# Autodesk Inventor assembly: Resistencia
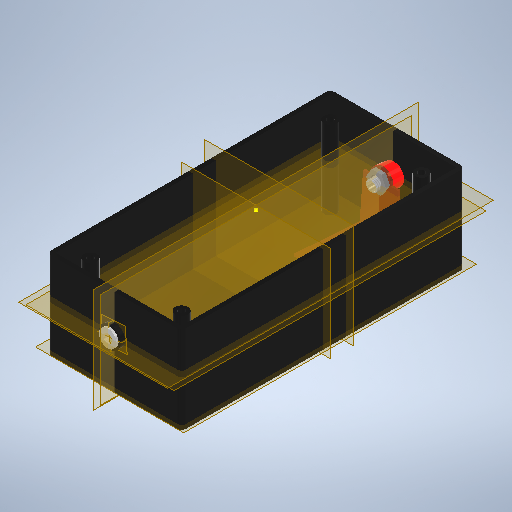
[picture p0: Inventor's stored thumbnail of the model, 512x512]
Saved by Autodesk Inventor 2026 (Build 300175050, 175E)
## iProperties
Created: 2025-05-26
Part Number: Resistencia
Document SubType Name: Assembly
Designer: alex
Author: alex
## Documents named in this file (8)
- C:\Users\alex\Desktop\Resistencia.iam
- C:\Users\alex\Desktop\Resistencia_Cuerpo.ipt
- C:\Users\alex\Desktop\Resistencia_Tornillo.ipt
- C:\Users\alex\Desktop\Resistencia_Arandela_1.ipt
- C:\Users\alex\Desktop\Resistencia_Arandela_2.ipt
- C:\Users\alex\Desktop\Resistencia_Lamina.ipt
- C:\Users\alex\Desktop\Resistencia_Tapa.ipt
- C:\Users\alex\Desktop\Resistencia_Tuerca.ipt
## Components (11 placed, 7 different names)
1. Resistencia_Cuerpo:1 — De rotación:3, De rotación:4, De rotación:5, Coincidencia:2, De rotación:7, Coincidencia:3
2. Resistencia_Tornillo:1 — De rotación:1
3. Resistencia_Arandela_1:1 — De rotación:1, De rotación:3, Coincidencia:3
4. Resistencia_Arandela_2:1 — De rotación:4, De rotación:6
5. Resistencia_Tornillo:2
6. Resistencia_Arandela_1:2 — De rotación:5
7. Resistencia_Lamina:2 — Cilíndrica:1, De rotación:8
8. Resistencia_Arandela_2:2 — Coincidencia:2, Cilíndrica:1
9. Resistencia_Lamina:3 — De rotación:6
10. Resistencia_Tapa:1 — De rotación:7
11. Resistencia_Tuerca:1 — De rotación:8
## Relationships (11: RevoluteJoint 8, Mate 2, CylindricalJoint 1)
- De rotación:1 [RevoluteJoint]: Resistencia_Tornillo:1 ↔ Resistencia_Arandela_1:1
- [RevoluteJoint]: Resistencia_Tornillo:2 ↔ Resistencia_Arandela_1:2
- De rotación:3 [RevoluteJoint]: Resistencia_Cuerpo:1 ↔ Resistencia_Arandela_1:1
- De rotación:4 [RevoluteJoint]: Resistencia_Cuerpo:1 ↔ Resistencia_Arandela_2:1
- De rotación:5 [RevoluteJoint]: Resistencia_Cuerpo:1 ↔ Resistencia_Arandela_1:2
- Coincidencia:2 [Mate]: Resistencia_Cuerpo:1 ↔ Resistencia_Arandela_2:2
- Cilíndrica:1 [CylindricalJoint]: Resistencia_Lamina:2 ↔ Resistencia_Arandela_2:2
- De rotación:6 [RevoluteJoint]: Resistencia_Arandela_2:1 ↔ Resistencia_Lamina:3
- De rotación:7 [RevoluteJoint] (3 mm): Resistencia_Cuerpo:1 ↔ Resistencia_Tapa:1
- Coincidencia:3 [Mate]: Resistencia_Cuerpo:1 ↔ Resistencia_Arandela_1:1
- De rotación:8 [RevoluteJoint]: Resistencia_Lamina:2 ↔ Resistencia_Tuerca:1
## Named parameters: d2_d0 = 0 mm, d3_d1 = 89.27414 deg
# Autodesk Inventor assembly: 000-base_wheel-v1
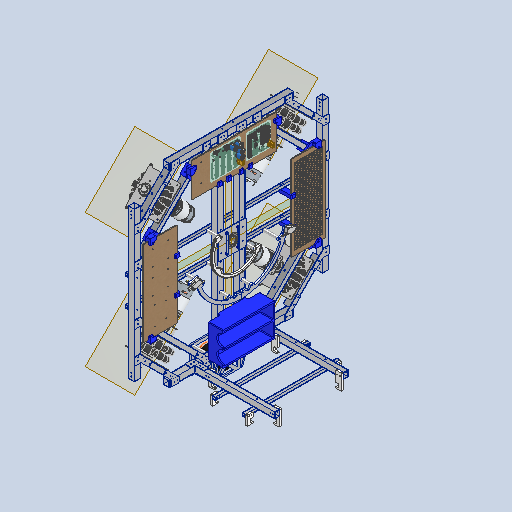
[picture p0: Inventor's stored thumbnail of the model, 512x512]
Saved by Autodesk Inventor 2025.2 (Build 292293000, 293)
## iProperties
Created: 2025-01-06
Part Number: 000-base_wheel-v1
Document SubType Name: Assembly
Designer: haruy
Mass: 4431.15 g
Surface Area: 15153.5 cm^2
Volume: 1600.59 cm^3
Density: 2.76846 g/cm^3
Author: haruy
## Documents named in this file (72)
- C:\Users\haruy\Documents\ロボコン\NHK2025\cad\nagahisa\base_weel\000-base_wheel-v1.iam
- C:\Users\haruy\Documents\ロボコン\NHK2025\cad\nagahisa\base_weel\base_weel-v2-ASP-Base.ipt
- C:\Users\haruy\Documents\ロボコン\NHK2025\cad\nagahisa\base_weel\base_weel-v2-Plate-1.ipt
- C:\Users\haruy\Documents\ロボコン\NHK2025\cad\nagahisa\base_weel\C-FL6904ZZ.ipt
- C:\Users\haruy\Documents\ロボコン\NHK2025\cad\nagahisa\base_weel\base_weel-v1-Shaft-spesa-1.ipt
- C:\Users\haruy\Documents\ロボコン\NHK2025\cad\nagahisa\base_weel\base_weel-v2-Plate-2.ipt
- C:\Users\haruy\Documents\ロボコン\NHK2025\cad\nagahisa\base_weel\takagi_weel\Workspaces\作業スペース\takagi\omuni_wheel_ver3.0\parts\omu_al_jo_1.ipt
- C:\Users\haruy\Documents\ロボコン\NHK2025\cad\nagahisa\base_weel\takagi_weel\Workspaces\作業スペース\takagi\omuni_wheel_ver3.0\parts\omu_al_jo_3.ipt
- C:\Users\haruy\Documents\ロボコン\NHK2025\cad\nagahisa\base_weel\takagi_weel\Workspaces\作業スペース\takagi\omuni_wheel_ver3.0\parts\frequently used parts\モーター\RS775\rs775_4.iam
- C:\Users\haruy\Documents\ロボコン\NHK2025\cad\nagahisa\base_weel\takagi_weel\Workspaces\作業スペース\takagi\omuni_wheel_ver3.0\parts\frequently used parts\セットカラー\SSCSP12-10\SSCSP12-10.iam
- C:\Users\haruy\Documents\ロボコン\NHK2025\cad\nagahisa\base_weel\takagi_weel\Workspaces\作業スペース\takagi\omuni_wheel_ver3.0\parts\omu_al_jo_2.ipt
- C:\Users\haruy\Documents\ロボコン\NHK2025\cad\nagahisa\base_weel\takagi_weel\Workspaces\作業スペース\takagi\omuni_wheel_ver3.0\parts\omu_sh_jo_2.ipt
- C:\Users\haruy\Documents\ロボコン\NHK2025\cad\nagahisa\base_weel\takagi_weel\Workspaces\作業スペース\takagi\omuni_wheel_ver3.0\parts\omu_sh_jo_3.ipt
- C:\Users\haruy\Documents\ロボコン\NHK2025\cad\nagahisa\base_weel\takagi_weel\Workspaces\作業スペース\takagi\omuni_wheel_ver3.0\parts\frequently used parts\ベアリング\B6201ZZNR\bearingB6201ZZNR.ipt
- C:\Users\haruy\Documents\ロボコン\NHK2025\cad\nagahisa\base_weel\takagi_weel\Workspaces\作業スペース\takagi\omuni_wheel_ver3.0\parts\frequently used parts\タイヤ\omni wheel\100mm wheel\100mm omuniwheel_MIR1.iam
- C:\Users\haruy\Documents\ロボコン\NHK2025\cad\nagahisa\base_weel\base_weel-v1-Shaft-spesa-2.ipt
- C:\Users\haruy\Documents\ロボコン\NHK2025\cad\nagahisa\base_weel\000-base_wheel-v1\デザイン アクセラレータ\平歯車1.iam
- C:\Users\haruy\Documents\ロボコン\NHK2025\cad\nagahisa\base_weel\base_weel-v1-Shaft-spesa-3.ipt
- C:\Users\haruy\Documents\ロボコン\NHK2025\cad\nagahisa\base_weel\takagi_weel\Workspaces\作業スペース\takagi\omuni_wheel_ver3.0\parts\omu_al_jo_1_MIR2.ipt
- C:\Users\haruy\Documents\ロボコン\NHK2025\cad\nagahisa\base_weel\takagi_weel\Workspaces\作業スペース\takagi\omuni_wheel_ver3.0\parts\omu_al_jo_3_MIR2.ipt
- C:\Users\haruy\Documents\ロボコン\NHK2025\cad\nagahisa\base_weel\takagi_weel\Workspaces\作業スペース\takagi\omuni_wheel_ver3.0\parts\frequently used parts\モーター\RS775\rs775_4_MIR2.iam
- C:\Users\haruy\Documents\ロボコン\NHK2025\cad\nagahisa\base_weel\takagi_weel\Workspaces\作業スペース\takagi\omuni_wheel_ver3.0\parts\frequently used parts\セットカラー\SSCSP12-10\SSCSP12-10_MIR2.iam
- C:\Users\haruy\Documents\ロボコン\NHK2025\cad\nagahisa\base_weel\takagi_weel\Workspaces\作業スペース\takagi\omuni_wheel_ver3.0\parts\omu_al_jo_2_MIR2.ipt
- C:\Users\haruy\Documents\ロボコン\NHK2025\cad\nagahisa\base_weel\takagi_weel\Workspaces\作業スペース\takagi\omuni_wheel_ver3.0\parts\omu_sh_jo_2_MIR2.ipt
- C:\Users\haruy\Documents\ロボコン\NHK2025\cad\nagahisa\base_weel\takagi_weel\Workspaces\作業スペース\takagi\omuni_wheel_ver3.0\parts\omu_sh_jo_3_MIR2.ipt
- C:\Users\haruy\Documents\ロボコン\NHK2025\cad\nagahisa\base_weel\takagi_weel\Workspaces\作業スペース\takagi\omuni_wheel_ver3.0\parts\frequently used parts\ベアリング\B6201ZZNR\bearingB6201ZZNR_MIR2.ipt
- C:\Users\haruy\Documents\ロボコン\NHK2025\cad\nagahisa\base_weel\takagi_weel\Workspaces\作業スペース\takagi\omuni_wheel_ver3.0\parts\frequently used parts\タイヤ\omni wheel\100mm wheel\100mm omuniwheel_MIR1_MIR.iam
- C:\Users\haruy\Documents\ロボコン\NHK2025\cad\nagahisa\base_weel\takagi_weel\Workspaces\作業スペース\takagi\omuni_wheel_ver3.0\parts\omu_al_jo_1_MIR3.ipt
- C:\Users\haruy\Documents\ロボコン\NHK2025\cad\nagahisa\base_weel\takagi_weel\Workspaces\作業スペース\takagi\omuni_wheel_ver3.0\parts\omu_al_jo_3_MIR3.ipt
- C:\Users\haruy\Documents\ロボコン\NHK2025\cad\nagahisa\base_weel\takagi_weel\Workspaces\作業スペース\takagi\omuni_wheel_ver3.0\parts\frequently used parts\モーター\RS775\rs775_4_MIR3.iam
- C:\Users\haruy\Documents\ロボコン\NHK2025\cad\nagahisa\base_weel\takagi_weel\Workspaces\作業スペース\takagi\omuni_wheel_ver3.0\parts\frequently used parts\セットカラー\SSCSP12-10\SSCSP12-10_MIR3.iam
- C:\Users\haruy\Documents\ロボコン\NHK2025\cad\nagahisa\base_weel\takagi_weel\Workspaces\作業スペース\takagi\omuni_wheel_ver3.0\parts\omu_al_jo_2_MIR3.ipt
- C:\Users\haruy\Documents\ロボコン\NHK2025\cad\nagahisa\base_weel\takagi_weel\Workspaces\作業スペース\takagi\omuni_wheel_ver3.0\parts\omu_sh_jo_2_MIR3.ipt
- C:\Users\haruy\Documents\ロボコン\NHK2025\cad\nagahisa\base_weel\takagi_weel\Workspaces\作業スペース\takagi\omuni_wheel_ver3.0\parts\omu_sh_jo_3_MIR3.ipt
- C:\Users\haruy\Documents\ロボコン\NHK2025\cad\nagahisa\base_weel\takagi_weel\Workspaces\作業スペース\takagi\omuni_wheel_ver3.0\parts\frequently used parts\ベアリング\B6201ZZNR\bearingB6201ZZNR_MIR3.ipt
- C:\Users\haruy\Documents\ロボコン\NHK2025\cad\nagahisa\base_weel\takagi_weel\Workspaces\作業スペース\takagi\omuni_wheel_ver3.0\parts\frequently used parts\タイヤ\omni wheel\100mm wheel\100mm omuniwheel_MIR1_MIR1.iam
- C:\Users\haruy\Documents\ロボコン\NHK2025\cad\nagahisa\base_weel\takagi_weel\Workspaces\作業スペース\takagi\omuni_wheel_ver3.0\parts\omu_al_jo_1_MIR2_MIR.ipt
- C:\Users\haruy\Documents\ロボコン\NHK2025\cad\nagahisa\base_weel\takagi_weel\Workspaces\作業スペース\takagi\omuni_wheel_ver3.0\parts\omu_al_jo_3_MIR2_MIR.ipt
- C:\Users\haruy\Documents\ロボコン\NHK2025\cad\nagahisa\base_weel\takagi_weel\Workspaces\作業スペース\takagi\omuni_wheel_ver3.0\parts\frequently used parts\モーター\RS775\rs775_4_MIR2_MIR.iam
- C:\Users\haruy\Documents\ロボコン\NHK2025\cad\nagahisa\base_weel\takagi_weel\Workspaces\作業スペース\takagi\omuni_wheel_ver3.0\parts\frequently used parts\セットカラー\SSCSP12-10\SSCSP12-10_MIR2_MIR.iam
- C:\Users\haruy\Documents\ロボコン\NHK2025\cad\nagahisa\base_weel\takagi_weel\Workspaces\作業スペース\takagi\omuni_wheel_ver3.0\parts\omu_al_jo_2_MIR2_MIR.ipt
- C:\Users\haruy\Documents\ロボコン\NHK2025\cad\nagahisa\base_weel\takagi_weel\Workspaces\作業スペース\takagi\omuni_wheel_ver3.0\parts\omu_sh_jo_2_MIR2_MIR.ipt
- C:\Users\haruy\Documents\ロボコン\NHK2025\cad\nagahisa\base_weel\takagi_weel\Workspaces\作業スペース\takagi\omuni_wheel_ver3.0\parts\omu_sh_jo_3_MIR2_MIR.ipt
- C:\Users\haruy\Documents\ロボコン\NHK2025\cad\nagahisa\base_weel\takagi_weel\Workspaces\作業スペース\takagi\omuni_wheel_ver3.0\parts\frequently used parts\ベアリング\B6201ZZNR\bearingB6201ZZNR_MIR2_MIR.ipt
- C:\Users\haruy\Documents\ロボコン\NHK2025\cad\nagahisa\base_weel\takagi_weel\Workspaces\作業スペース\takagi\omuni_wheel_ver3.0\parts\frequently used parts\タイヤ\omni wheel\100mm wheel\100mm omuniwheel_MIR1_MIR_MIR.iam
- C:\Users\haruy\Documents\ロボコン\NHK2025\cad\nagahisa\base_weel\base_weel-v2-Plate-3.ipt
- C:\Users\haruy\Documents\ロボコン\NHK2025\cad\nagahisa\base_weel\base_weel-v2-Plate-3_MIR.ipt
- C:\Users\haruy\Documents\ロボコン\NHK2025\cad\nagahisa\base_weel\base_weel-v2-Plate-3_MIR1.ipt
- C:\Users\haruy\Documents\ロボコン\NHK2025\cad\nagahisa\base_weel\base_weel-v2-Plate-3_MIR_MIR.ipt
- C:\Users\haruy\Documents\ロボコン\NHK2025\cad\nagahisa\base_weel\base_weel-v2-Plate-4.ipt
- C:\Users\haruy\Documents\ロボコン\NHK2025\cad\nagahisa\base_weel\base_weel-v2-Plate-5.ipt
- C:\Users\haruy\Documents\ロボコン\NHK2025\cad\000_parts\センサー\LiDAR_true.iam
- C:\Users\haruy\Documents\ロボコン\NHK2025\cad\nagahisa\base_weel\base_weel-v1-Shaft-lider-spesa.ipt
- C:\Users\haruy\Documents\ロボコン\NHK2025\cad\nagahisa\base_weel\base_weel-v2-Plate-6.ipt
- C:\Users\haruy\Documents\ロボコン\NHK2025\cad\nagahisa\base_weel\base_weel-v2-Plate-7.ipt
- C:\Users\haruy\Documents\ロボコン\NHK2025\cad\nagahisa\base_weel\base_weel-v2-3DP-C-F-1.ipt
- C:\Users\haruy\Documents\ロボコン\NHK2025\cad\nagahisa\base_weel\base_weel-v2-3DP-C-F-1_MIR.ipt
- C:\Users\haruy\Documents\ロボコン\NHK2025\cad\nagahisa\base_weel\base_weel-v2-MDF-1.ipt
- C:\Users\haruy\Documents\ロボコン\NHK2025\cad\000_parts\回路関連\DCMD_Controller.ipt
- C:\Users\haruy\Documents\ロボコン\NHK2025\cad\000_parts\回路関連\mbed_Board.ipt
- C:\Users\haruy\Documents\ロボコン\NHK2025\cad\nagahisa\base_weel\base_weel-v2-MDF-2.ipt
- C:\Users\haruy\Documents\ロボコン\NHK2025\cad\nagahisa\base_weel\roja-v1-3DP-lipo-box.ipt
- C:\Users\haruy\Documents\ロボコン\NHK2025\cad\nagahisa\base_weel\base_weel-v2-Plate-8.ipt
- C:\Users\haruy\Documents\ロボコン\NHK2025\cad\nagahisa\base_weel\base_weel-v2-POM-pc-F-1.ipt
- C:\Users\haruy\Documents\ロボコン\NHK2025\cad\nagahisa\base_weel\base_weel-v2-POM-pc-F-2.ipt
- C:\Users\haruy\Documents\ロボコン\NHK2025\cad\nagahisa\base_weel\base_weel-v2-MDF-3.ipt
- C:\Users\haruy\Documents\ロボコン\NHK2025\cad\000_parts\センサー\VX-012-1A3\VX-012-1A3\VX-012-1A3.iam
- C:\Users\haruy\Documents\ロボコン\NHK2025\cad\nagahisa\base_weel\base_weel-v2-3DP-C-F-2.ipt
- C:\Users\haruy\Documents\ロボコン\NHK2025\cad\nagahisa\base_weel\base_weel-v2-3DP-C-F-3.ipt
- C:\Users\haruy\Documents\ロボコン\NHK2025\cad\nagahisa\base_weel\base_weel-v2-Plate-9.ipt
- C:\Users\haruy\Documents\ロボコン\NHK2025\cad\nagahisa\base_weel\base_weel-v2-3DP-spesa-1.ipt
- C:\Users\haruy\Documents\ロボコン\NHK2025\cad\nagahisa\base_weel\base_weel-v2-Plate-10.ipt
## Components (133 placed, 71 different names)
1. base_weel-v2-ASP-Base:1 — 挿入:8, 挿入:9, 挿入:12, 挿入:13, 角度:1, 挿入:29, フラッシュ:1, 挿入:30, 挿入:32, 挿入:35, 挿入:36, 挿入:48, 挿入:49, 挿入:50, 挿入:51, 挿入:74, 挿入:75, 挿入:76, 挿入:77, 挿入:78, 挿入:79, 挿入:80, 挿入:81, 挿入:82, 挿入:83, 挿入:84, 挿入:85, 挿入:86, 挿入:87, 挿入:88, 挿入:89, 挿入:90, 挿入:91, 挿入:92, 挿入:93, 挿入:94, 挿入:95, 挿入:96, 挿入:97, 挿入:98, 挿入:99, 挿入:100, 挿入:101, 挿入:102, 挿入:103, 挿入:104, 挿入:105, 挿入:106, 挿入:107, 挿入:108, 挿入:109, 挿入:110, 挿入:111, 挿入:112, 挿入:113, 挿入:114, 挿入:115, 挿入:116, 挿入:117, 挿入:118, 挿入:119, 挿入:120, 挿入:121, 挿入:122, フラッシュ:2, 挿入:129, 挿入:130, 角度:4, 角度:5, 角度:6, 挿入:149, 挿入:151, 挿入:152, 挿入:153, 挿入:154, 挿入:155, 挿入:156, 挿入:157, 挿入:158, 挿入:159, 挿入:160, 挿入:161, 挿入:162, 挿入:163, 挿入:164, 挿入:165, 挿入:166, 挿入:167, 挿入:168, 挿入:169, 挿入:170, 挿入:171, 挿入:172, 挿入:173, 挿入:174, 挿入:185, 挿入:186, 挿入:187, 挿入:188, 挿入:189, 挿入:190, 挿入:191, 挿入:192, 挿入:193, 挿入:194, 挿入:195, 挿入:196, 挿入:197, 挿入:198, 挿入:199, 挿入:200, 挿入:201, 挿入:202, メイト:19, 挿入:203, 挿入:204, メイト:20, 挿入:205, 挿入:206, メイト:21, 挿入:216, 挿入:217, 挿入:218
2. base_weel-v2-Plate-1:1 — 挿入:3, 挿入:217, 挿入:218, 挿入:219, 挿入:220, 挿入:221, 挿入:222
3. C-FL6904ZZ:1 — 挿入:3, メイト:5
4. base_weel-v2-Plate-2:1 — 挿入:27, 挿入:207, 挿入:208, 挿入:209, 挿入:215
5. base_weel-v1-Shaft-spesa-1:3 — 挿入:8, 挿入:210
6. base_weel-v1-Shaft-spesa-1:4 — 挿入:9, 挿入:209
7. omu_al_jo_1:1 — 挿入:20, 挿入:21, 挿入:23, 挿入:35, 挿入:36
8. omu_al_jo_3:1 — 挿入:12, 挿入:13, 挿入:22
9. rs775_4:1 [sub-assembly]
10. SSCSP12-10:1 [sub-assembly]
11. omu_al_jo_2:1
12. omu_sh_jo_2:1
13. omu_sh_jo_3:1 — 挿入:21
14. omu_sh_jo_3:2
15. omu_sh_jo_3:3 — 挿入:20
16. omu_sh_jo_3:4
17. bearingB6201ZZNR:1 — 挿入:23, 挿入:24
18. bearingB6201ZZNR:2 — 挿入:22
19. 100mm omuniwheel_MIR1:1 [sub-assembly] — 角度:1, 挿入:24
20. base_weel-v1-Shaft-spesa-2:1 — 挿入:30, 挿入:211
21. base_weel-v1-Shaft-spesa-2:2 — 挿入:27, 挿入:29
22. 平歯車:1 [sub-assembly] — メイト:5, メイト:6, 挿入:31, 挿入:33, 挿入:34
23. base_weel-v1-Shaft-spesa-3:1 — 挿入:31, 挿入:32
24. base_weel-v1-Shaft-spesa-3:2 — 挿入:33
25. base_weel-v1-Shaft-spesa-3:3 — 挿入:34
26. omu_al_jo_1_MIR2:1 — 挿入:39, 挿入:42, 挿入:45, 挿入:50, 挿入:51
27. omu_al_jo_3_MIR2:1 — 挿入:46, 挿入:48, 挿入:49
28. rs775_4_MIR2:1 [sub-assembly] — メイト:7, 挿入:37, 挿入:38, メイト:8, メイト:9
29. SSCSP12-10_MIR2:1 [sub-assembly] — メイト:7, メイト:10
30. omu_al_jo_2_MIR2:1 — 挿入:37, 挿入:38, 挿入:40, 挿入:41, 挿入:43, 挿入:44
31. omu_sh_jo_2_MIR2:1 — メイト:8, メイト:9, メイト:10
32. omu_sh_jo_3_MIR2:1 — 挿入:39, 挿入:40
33. omu_sh_jo_3_MIR2:2 — 挿入:41
34. omu_sh_jo_3_MIR2:3 — 挿入:42, 挿入:43
35. omu_sh_jo_3_MIR2:4 — 挿入:44
36. bearingB6201ZZNR_MIR2:1 — 挿入:45, 挿入:47
37. bearingB6201ZZNR_MIR2:2 — 挿入:46
38. 100mm omuniwheel_MIR1_MIR:1 [sub-assembly] — 挿入:47, 角度:4
39. omu_al_jo_1_MIR3:1 — 挿入:54, 挿入:57, 挿入:60, 挿入:74, 挿入:75
40. omu_al_jo_3_MIR3:1 — 挿入:61, 挿入:76, 挿入:77
41. rs775_4_MIR3:1 [sub-assembly] — メイト:11, 挿入:52, 挿入:53, メイト:12, メイト:13
42. SSCSP12-10_MIR3:1 [sub-assembly] — メイト:11, メイト:14
43. omu_al_jo_2_MIR3:1 — 挿入:52, 挿入:53, 挿入:55, 挿入:56, 挿入:58, 挿入:59
44. omu_sh_jo_2_MIR3:1 — メイト:12, メイト:13, メイト:14
45. omu_sh_jo_3_MIR3:1 — 挿入:54, 挿入:55
46. omu_sh_jo_3_MIR3:2 — 挿入:56
47. omu_sh_jo_3_MIR3:3 — 挿入:57, 挿入:58
48. omu_sh_jo_3_MIR3:4 — 挿入:59
49. bearingB6201ZZNR_MIR3:1 — 挿入:60, 挿入:62
50. bearingB6201ZZNR_MIR3:2 — 挿入:61
51. 100mm omuniwheel_MIR1_MIR1:1 [sub-assembly] — 挿入:62, 角度:6
52. omu_al_jo_1_MIR2_MIR:1 — 挿入:66, 挿入:69, 挿入:71, 挿入:80, 挿入:81
53. omu_al_jo_3_MIR2_MIR:1 — 挿入:72, 挿入:78, 挿入:79
54. rs775_4_MIR2_MIR:1 [sub-assembly] — メイト:15, 挿入:63, 挿入:64, メイト:17, メイト:18
55. SSCSP12-10_MIR2_MIR:1 [sub-assembly] — メイト:15, メイト:16
56. omu_al_jo_2_MIR2_MIR:1 — 挿入:63, 挿入:64, 挿入:65, 挿入:67, 挿入:68, 挿入:70
57. omu_sh_jo_2_MIR2_MIR:1 — メイト:16, メイト:17, メイト:18
58. omu_sh_jo_3_MIR2_MIR:1 — 挿入:65, 挿入:66
59. omu_sh_jo_3_MIR2_MIR:2 — 挿入:67
60. omu_sh_jo_3_MIR2_MIR:3 — 挿入:68, 挿入:69
61. omu_sh_jo_3_MIR2_MIR:4 — 挿入:70
62. bearingB6201ZZNR_MIR2_MIR:1 — 挿入:71, 挿入:73
63. bearingB6201ZZNR_MIR2_MIR:2 — 挿入:72
64. 100mm omuniwheel_MIR1_MIR_MIR:1 [sub-assembly] — 挿入:73, 角度:5
65. base_weel-v2-Plate-3:1 — 挿入:82, 挿入:84
66. base_weel-v2-Plate-3:2 — 挿入:83, 挿入:85, 挿入:86
67. base_weel-v2-Plate-3:3 — 挿入:87, 挿入:88
68. base_weel-v2-Plate-3:4 — 挿入:89, 挿入:90
69. base_weel-v2-Plate-3_MIR:1 — 挿入:95, 挿入:96
70. base_weel-v2-Plate-3_MIR:2 — 挿入:97, 挿入:98
71. base_weel-v2-Plate-3_MIR:3 — 挿入:91, 挿入:92
72. base_weel-v2-Plate-3_MIR:4 — 挿入:93, 挿入:94
73. base_weel-v2-Plate-3_MIR1:1 — 挿入:101, 挿入:102
74. base_weel-v2-Plate-3_MIR1:2 — 挿入:99, 挿入:100
75. base_weel-v2-Plate-3_MIR1:3 — 挿入:103, 挿入:104
76. base_weel-v2-Plate-3_MIR1:4 — 挿入:105, 挿入:106
77. base_weel-v2-Plate-3_MIR_MIR:1 — 挿入:113, 挿入:114
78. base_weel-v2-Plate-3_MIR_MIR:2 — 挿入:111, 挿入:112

## Exercise instructions
Look above for the line holding "39. omu_al_jo_1_MIR3:1 —". Print it and every line after it, exactly, through the line holding "48. omu_sh_jo_3_MIR3:4 — 挿入:59".

## Expected output
39. omu_al_jo_1_MIR3:1 — 挿入:54, 挿入:57, 挿入:60, 挿入:74, 挿入:75
40. omu_al_jo_3_MIR3:1 — 挿入:61, 挿入:76, 挿入:77
41. rs775_4_MIR3:1 [sub-assembly] — メイト:11, 挿入:52, 挿入:53, メイト:12, メイト:13
42. SSCSP12-10_MIR3:1 [sub-assembly] — メイト:11, メイト:14
43. omu_al_jo_2_MIR3:1 — 挿入:52, 挿入:53, 挿入:55, 挿入:56, 挿入:58, 挿入:59
44. omu_sh_jo_2_MIR3:1 — メイト:12, メイト:13, メイト:14
45. omu_sh_jo_3_MIR3:1 — 挿入:54, 挿入:55
46. omu_sh_jo_3_MIR3:2 — 挿入:56
47. omu_sh_jo_3_MIR3:3 — 挿入:57, 挿入:58
48. omu_sh_jo_3_MIR3:4 — 挿入:59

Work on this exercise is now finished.